Office-based anesthesia.

机构信息

The Department of Anesthesia, University of Toronto, 150 College Street, Room 121, Fitzgerald Building, Toronto, Ontario M5S 3E2, Canada.

出版信息

Can J Anaesth. 2010 Mar;57(3):256-72. doi: 10.1007/s12630-009-9238-z. Epub 2010 Jan 15.
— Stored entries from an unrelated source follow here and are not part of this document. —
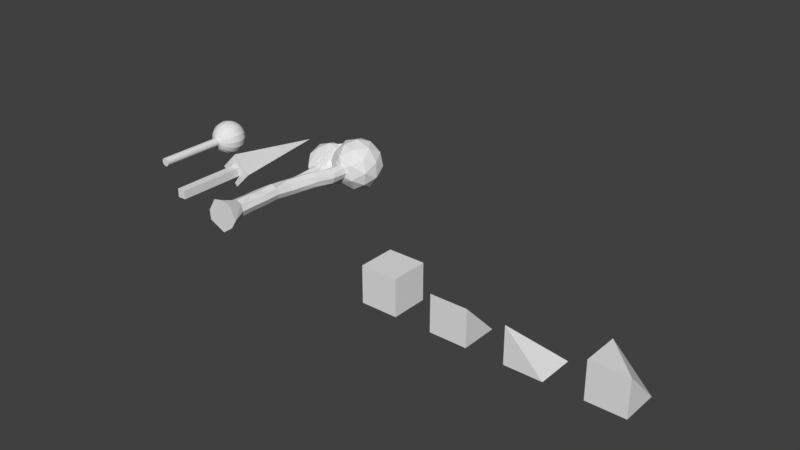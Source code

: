 # Source: land-set-1b.blend  (saved by Blender 2.79.0; exported with 4.5.12 LTS)
import bpy
from mathutils import Matrix  # noqa: F401  (used for matrix-valued properties, if any)

bpy.ops.wm.read_factory_settings(use_empty=True)
scene = bpy.context.scene
scene.name = 'Scene'

# ---- collections
col_collection_1 = bpy.data.collections.new('Collection 1'); scene.collection.children.link(col_collection_1)

# ---- materials (node trees are filled in below, after node groups)
mat_tree3_material = bpy.data.materials.new('tree3-material')
mat_tree3_material.alpha_threshold = 0.0
mat_tree3_material.use_transparent_shadow = False
mat_tree3_material.roughness = 0.5
mat_tree2_material = bpy.data.materials.new('tree2-material')
mat_tree2_material.alpha_threshold = 0.0
mat_tree2_material.use_transparent_shadow = False
mat_tree2_material.roughness = 0.5
mat_tree1_material = bpy.data.materials.new('tree1-material')
mat_tree1_material.alpha_threshold = 0.0
mat_tree1_material.use_transparent_shadow = False
mat_tree1_material.roughness = 0.5

# ---- material node trees

# ---- world
world_world = bpy.data.worlds.new('World'); scene.world = world_world
world_world.color = (0.05088, 0.05088, 0.05088)
world_world.use_sun_shadow = False
world_world.sun_shadow_jitter_overblur = 0.0
world_world.cycles.sampling_method = 'MANUAL'

# ---- meshes
me_land_2_geo = bpy.data.meshes.new('land-2-geo')
me_land_2_geo.from_pydata([(-0.5, -0.5, -0.5), (-0.5, -0.5, 0.5), (-0.5, 0.5, -0.5), (0.5, -0.5, -0.5), (0.5, 0.5, -0.5)], [], [(4, 2, 1), (3, 4, 1), (0, 1, 2), (1, 0, 3), (2, 4, 3, 0)])
me_land_2_geo.use_remesh_preserve_volume = False
me_land_2_geo.use_remesh_preserve_attributes = False
me_land_2_geo.use_mirror_vertex_groups = False
me_land_2_geo.update()
me_land_3_geo = bpy.data.meshes.new('land-3-geo')
me_land_3_geo.from_pydata([(-0.5, -0.5, -0.5), (-0.5, -0.5, 0.5), (-0.5, 0.5, -0.5), (-0.5, 0.5, 0.5), (0.5, -0.5, -0.5), (0.5, -0.5, 0.5), (0.5, 0.5, -0.5)], [], [(0, 1, 3, 2), (2, 3, 6), (4, 6, 5), (4, 5, 1, 0), (2, 6, 4, 0), (1, 5, 3), (5, 6, 3)])
me_land_3_geo.use_remesh_preserve_volume = False
me_land_3_geo.use_remesh_preserve_attributes = False
me_land_3_geo.use_mirror_vertex_groups = False
me_land_3_geo.update()
me_land_1_geo = bpy.data.meshes.new('land-1-geo')
me_land_1_geo.from_pydata([(-0.5, -0.5, -0.5), (-0.5, -0.5, 0.5), (-0.5, 0.5, -0.5), (0.5, -0.5, -0.5), (0.5, -0.5, 0.5), (0.5, 0.5, -0.5)], [], [(2, 1, 4, 5), (0, 1, 2), (3, 5, 4), (3, 4, 1, 0), (2, 5, 3, 0)])
me_land_1_geo.use_remesh_preserve_volume = False
me_land_1_geo.use_remesh_preserve_attributes = False
me_land_1_geo.use_mirror_vertex_groups = False
me_land_1_geo.update()
me_land_0_geo = bpy.data.meshes.new('land-0-geo')
me_land_0_geo.from_pydata([(-0.5, -0.5, -0.5), (-0.5, -0.5, 0.5), (-0.5, 0.5, -0.5), (-0.5, 0.5, 0.5), (0.5, -0.5, -0.5), (0.5, -0.5, 0.5), (0.5, 0.5, -0.5), (0.5, 0.5, 0.5)], [], [(0, 1, 3, 2), (2, 3, 7, 6), (6, 7, 5, 4), (4, 5, 1, 0), (2, 6, 4, 0), (7, 3, 1, 5)])
me_land_0_geo.use_remesh_preserve_volume = False
me_land_0_geo.use_remesh_preserve_attributes = False
me_land_0_geo.use_mirror_vertex_groups = False
me_land_0_geo.update()
me_tree3_geo = bpy.data.meshes.new('tree3-geo')
me_tree3_geo.from_pydata([(-0.4846, 1.265, -0.264), (-0.4132, 1.263, -0.2481), (-0.3511, 1.248, -0.1454), (-0.392, 1.251, -0.04487), (-0.4846, 1.265, -0.01405), (-0.573, 1.265, -0.05066), (-0.6096, 1.265, -0.139), (-0.573, 1.265, -0.2274), (-0.08462, -2.735, -0.439), (0.4028, 1.255, -0.154), (0.2422, -2.735, -0.2158), (0.5481, 1.26, -0.08577), (0.4154, -2.735, 0.06095), (0.6072, 1.273, 0.05681), (0.1922, -2.735, 0.4377), (0.5549, 1.277, 0.2152), (-0.08462, -2.735, 0.491), (0.4124, 1.276, 0.2807), (-0.3614, -2.735, 0.4377), (0.2704, 1.271, 0.2098), (-0.5846, -2.735, 0.06095), (0.2025, 1.261, 0.06224), (-0.5614, -2.735, -0.2158), (0.2698, 1.252, -0.08709), (0.09216, -2.252, -0.1158), (0.0833, -1.761, -0.1057), (0.07972, -1.345, -0.114), (0.0817, -0.9103, -0.09371), (0.1414, -0.5058, -0.1172), (0.2434, -0.09771, -0.1041), (0.3811, 0.2937, -0.07586), (0.5283, 0.7965, -0.1059), (0.1654, -2.252, 0.06095), (0.1574, -1.779, 0.06331), (0.1539, -1.348, 0.05719), (0.1554, -0.9233, 0.06907), (0.2178, -0.5106, 0.04165), (0.3104, -0.09444, 0.0514), (0.432, 0.3097, 0.08264), (0.5901, 0.7987, 0.06591), (0.07786, -2.219, 0.2431), (0.07831, -1.789, 0.2045), (0.09072, -1.361, 0.2107), (0.09216, -0.9431, 0.2377), (0.1536, -0.5057, 0.213), (0.2464, -0.09542, 0.2208), (0.4004, 0.3051, 0.2189), (0.5486, 0.8006, 0.1878), (-0.09406, -2.22, 0.3019), (-0.08462, -1.798, 0.311), (-0.07989, -1.339, 0.2795), (-0.08462, -0.9431, 0.311), (-0.005395, -0.5045, 0.2761), (0.09351, -0.09993, 0.2874), (0.2288, 0.3021, 0.3072), (0.378, 0.7875, 0.2831), (-0.2893, -2.263, 0.2349), (-0.2614, -1.798, 0.2377), (-0.2614, -1.364, 0.2377), (-0.2488, -0.9218, 0.2293), (-0.1762, -0.5083, 0.2193), (-0.07019, -0.09935, 0.228), (0.06811, 0.2971, 0.2446), (0.2191, 0.7802, 0.2135), (-0.3346, -2.252, 0.06095), (-0.3346, -1.798, 0.06095), (-0.3346, -1.364, 0.06095), (-0.3152, -0.9376, 0.05138), (-0.1383, -0.09771, 0.05957), (-0.0005764, 0.2906, 0.08149), (0.1576, 0.7834, 0.04426), (-0.2614, -2.252, -0.1158), (-0.2436, -1.785, -0.1165), (-0.242, -1.361, -0.119), (-0.2471, -0.9146, -0.09762), (-0.2439, -0.5181, -0.1736), (-0.05891, -0.08708, -0.09763), (0.06868, 0.2875, -0.0875), (0.2291, 0.7832, -0.09892), (0.3669, 0.7874, -0.1595), (0.2262, 0.2905, -0.1271), (0.08217, -0.09684, -0.1492), (-0.003889, -0.4969, -0.172), (-0.08527, -0.9262, -0.1774), (-0.1056, -1.356, -0.1833), (-0.09006, -1.779, -0.1841), (-0.08462, -2.252, -0.189), (-0.5701, 1.318, 0.1239), (-0.6643, 1.475, 0.4139), (-1.066, 1.475, -0.139), (-0.6643, 1.475, -0.692), (-0.152, 1.473, -0.507), (-0.408, 2.054, 0.4191), (-0.955, 2.056, 0.2027), (-0.955, 2.056, -0.4808), (-0.305, 2.056, -0.692), (-0.4846, 2.415, -0.139), (-0.452, 1.318, -0.5645), (-0.4079, 1.468, 0.392), (-0.8263, 1.212, -0.139), (-0.9319, 1.424, 0.1859), (-0.5902, 1.212, -0.464), (-0.9319, 1.424, -0.464), (-0.3138, 1.424, -0.6649), (-0.4957, 1.78, 0.5071), (-1.103, 1.765, 0.06181), (-0.8667, 1.765, 0.3868), (-0.8667, 1.765, -0.6649), (-1.103, 1.765, -0.3399), (-0.1026, 1.765, -0.6649), (-0.4846, 1.765, -0.789), (-0.6555, 2.107, 0.3868), (-1.038, 2.107, -0.139), (-0.6555, 2.107, -0.6649), (-0.379, 2.318, 0.1859), (-0.7611, 2.318, 0.06181), (-0.7611, 2.318, -0.3399), (-0.379, 2.318, -0.464), (0.1573, 1.327, -0.1265), (0.9581, 1.63, 0.4552), (0.2081, 1.63, 0.6989), (-0.3119, 1.628, 0.09644), (0.2081, 1.63, -0.577), (0.9581, 1.63, -0.3333), (0.6227, 2.301, 0.6989), (-0.1273, 2.301, 0.4552), (-0.1273, 2.301, -0.3333), (0.6227, 2.301, -0.577), (1.086, 2.301, 0.06095), (0.4154, 2.715, 0.06095), (0.2935, 1.327, 0.4359), (0.7344, 1.327, 0.2927), (0.6125, 1.571, 0.6677), (1.053, 1.571, 0.06095), (0.7344, 1.327, -0.1708), (0.02108, 1.327, 0.06095), (-0.08929, 1.588, 0.4338), (0.2935, 1.327, -0.314), (-0.1008, 1.571, -0.314), (0.6125, 1.571, -0.5458), (1.129, 1.965, 0.2927), (1.129, 1.965, -0.1708), (0.4154, 1.965, 0.811), (0.8562, 1.965, 0.6677), (-0.2238, 1.958, 0.2964), (-0.02546, 1.965, 0.6677), (-0.02546, 1.965, -0.5458), (0.8562, 1.965, -0.5458), (0.4154, 1.965, -0.689), (0.9315, 2.36, 0.4359), (0.2182, 2.36, 0.6677), (-0.2226, 2.36, 0.06095), (0.2182, 2.36, -0.5458), (0.9315, 2.36, -0.314), (0.5372, 2.603, 0.4359), (0.8097, 2.603, 0.06095), (0.09639, 2.603, 0.2927), (0.09639, 2.603, -0.1708), (0.5372, 2.603, -0.314), (-0.3834, 1.272, -0.1949), (-0.2821, -0.1291, -0.1511), (-0.3318, 0.199, -0.1537), (-0.3335, 0.5076, -0.1622), (-0.3732, 0.8643, -0.1436), (-0.4105, 0.8609, -0.05124), (-0.3655, 0.5025, -0.06469), (-0.3561, 0.1834, -0.04194), (-0.3335, -0.1514, -0.05797), (-0.3948, -0.1457, -0.0376), (-0.4445, 0.1834, -0.005326), (-0.4539, 0.5025, -0.02808), (-0.4868, 0.8585, -0.01909), (-0.4801, -0.1533, -0.07645), (-0.5162, 0.1865, -0.05213), (-0.5423, 0.5025, -0.06469), (-0.5762, 0.8693, -0.06329), (-0.5167, -0.1533, -0.1648), (-0.5717, 0.1925, -0.14), (-0.5789, 0.5025, -0.1531), (-0.6065, 0.8605, -0.1399), (-0.4781, -0.1456, -0.2293), (-0.5274, 0.1941, -0.2172), (-0.5423, 0.5025, -0.2415), (-0.573, 0.8414, -0.2274), (-0.4823, 0.863, -0.2412), (-0.4539, 0.5025, -0.2781), (-0.4424, 0.1893, -0.2523), (-0.4064, -0.1409, -0.2686), (-0.3033, -0.1533, -0.2044), (-0.367, 0.2011, -0.2168), (-0.3655, 0.5025, -0.2415), (-0.4066, 0.8622, -0.2114), (-0.2219, -0.371, 0.03889), (-0.2439, -0.5181, 0.07637), (-0.2132, -0.3355, -0.1347), (-0.04458, -0.7116, -0.1747), (-0.3323, -0.5181, -0.137), (-0.3689, -0.5181, -0.04863), (-0.3506, -0.5181, -0.09282), (-0.3323, -0.5181, 0.03976), (0.1573, 1.327, 0.2484), (0.514, 1.327, 0.3643), (0.514, 1.327, -0.2424), (0.7344, 1.327, 0.06095)], [], [(191, 184, 0, 1), (161, 160, 188, 189), (2, 3, 164, 163), (99, 88, 100), (175, 171, 4, 5), (179, 175, 5, 6), (183, 179, 6, 7), (184, 183, 7, 0), (193, 60, 192), (31, 79, 9, 11), (39, 31, 11, 13), (47, 39, 13, 15), (55, 47, 15, 17), (137, 9, 23, 118), (202, 11, 9, 137), (78, 70, 21, 23), (79, 78, 23, 9), (8, 10, 12, 14, 16, 18, 20, 22), (38, 30, 31, 39), (37, 29, 30, 38), (36, 28, 29, 37), (34, 26, 27, 35), (33, 25, 26, 34), (24, 25, 33, 32), (10, 24, 32, 12), (46, 38, 39, 47), (45, 37, 38, 46), (44, 36, 37, 45), (42, 34, 35, 43), (41, 33, 34, 42), (32, 33, 41, 40), (12, 32, 40, 14), (54, 46, 47, 55), (53, 45, 46, 54), (52, 44, 45, 53), (50, 42, 43, 51), (49, 41, 42, 50), (40, 41, 49, 48), (14, 40, 48, 16), (62, 54, 55, 63), (61, 53, 54, 62), (60, 52, 53, 61), (58, 50, 51, 59), (57, 49, 50, 58), (48, 49, 57, 56), (16, 48, 56, 18), (69, 62, 63, 70), (68, 61, 62, 69), (66, 58, 59, 67), (65, 57, 58, 66), (56, 57, 65, 64), (18, 56, 64, 20), (77, 69, 70, 78), (76, 68, 69, 77), (73, 66, 67, 74), (72, 65, 66, 73), (64, 65, 72, 71), (20, 64, 71, 22), (30, 80, 79, 31), (29, 81, 80, 30), (28, 82, 81, 29), (27, 83, 195, 82, 28), (26, 84, 83, 27), (25, 85, 84, 26), (86, 85, 25, 24), (8, 86, 24, 10), (80, 77, 78, 79), (81, 76, 77, 80), (27, 28, 36, 35), (180, 196, 198), (84, 73, 74, 83), (85, 72, 73, 84), (71, 72, 85, 86), (22, 71, 86, 8), (97, 0, 7, 101), (171, 164, 3, 4), (91, 159, 1, 103), (88, 98, 104), (89, 100, 105), (90, 102, 107), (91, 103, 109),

DOI:10.1007/s12630-009-9238-z
PMID:20077172
Abstract

PURPOSE

Ambulatory office-based anesthesia (OBA) is a relatively new but rapidly growing field. OBA requires a different approach than that used in the hospital, because there are unique considerations that must be recognized when administering anesthesia in a free-standing office facility. This review provides a summary of the important issues and aspects of safe patient care.

METHODS

The Medline, Embase, Biological Abstract, Science Citation Index, and Healthstar databases were searched under the key words "office-based anesthesia" for relevant English language articles from 1966 to December 2008. Relevant publications were queried from governing institutions, such as the American Society of Anesthesiologists (ASA), as well as from colleges in various provinces across Canada.

PRINCIPAL FINDINGS

Office-based anesthesia remains poorly regulated in many parts of Canada (and the US). Despite continuing concerns regarding patient safety, the rates of death and reported major complications for OBA appear to be very low, especially in accredited facilities. Multiple considerations for facility design, administration, and patient care need to be taken into account.

CONCLUSION

Appropriately so, an increasing number of provinces (Canada) and states (US) are beginning to regulate office-based facilities and require accreditation.

摘要

目的

门诊办公室麻醉(OBA)是一个相对较新但发展迅速的领域。OBA 需要一种不同于在医院使用的方法,因为在独立的办公场所进行麻醉时,必须认识到独特的考虑因素。本综述提供了安全患者护理的重要问题和方面的摘要。

方法

在 Medline、Embase、Biological Abstract、Science Citation Index 和 Healthstar 数据库中,使用“门诊麻醉”这一关键词,对从 1966 年至 2008 年 12 月的相关英语文献进行了检索。从美国麻醉师协会(ASA)等管理机构以及加拿大各省的各学院查询了相关出版物。

主要发现

在加拿大(和美国)的许多地区,门诊麻醉的监管仍然很差。尽管人们对患者安全持续存在担忧,但 OBA 的死亡率和报告的主要并发症似乎非常低,尤其是在经过认证的设施中。需要考虑设施设计、管理和患者护理的多个方面。

结论

越来越多的省份(加拿大)和州(美国)开始对门诊设施进行监管并要求认证,这是恰当的。

相似文献

1
Office-based anesthesia.门诊麻醉。
Can J Anaesth. 2010 Mar;57(3):256-72. doi: 10.1007/s12630-009-9238-z. Epub 2010 Jan 15.
2
Office-based anesthesia: how to start an office-based practice.门诊麻醉:如何开展门诊麻醉业务。
Anesthesiol Clin. 2010 Jun;28(2):353-67. doi: 10.1016/j.anclin.2010.02.006.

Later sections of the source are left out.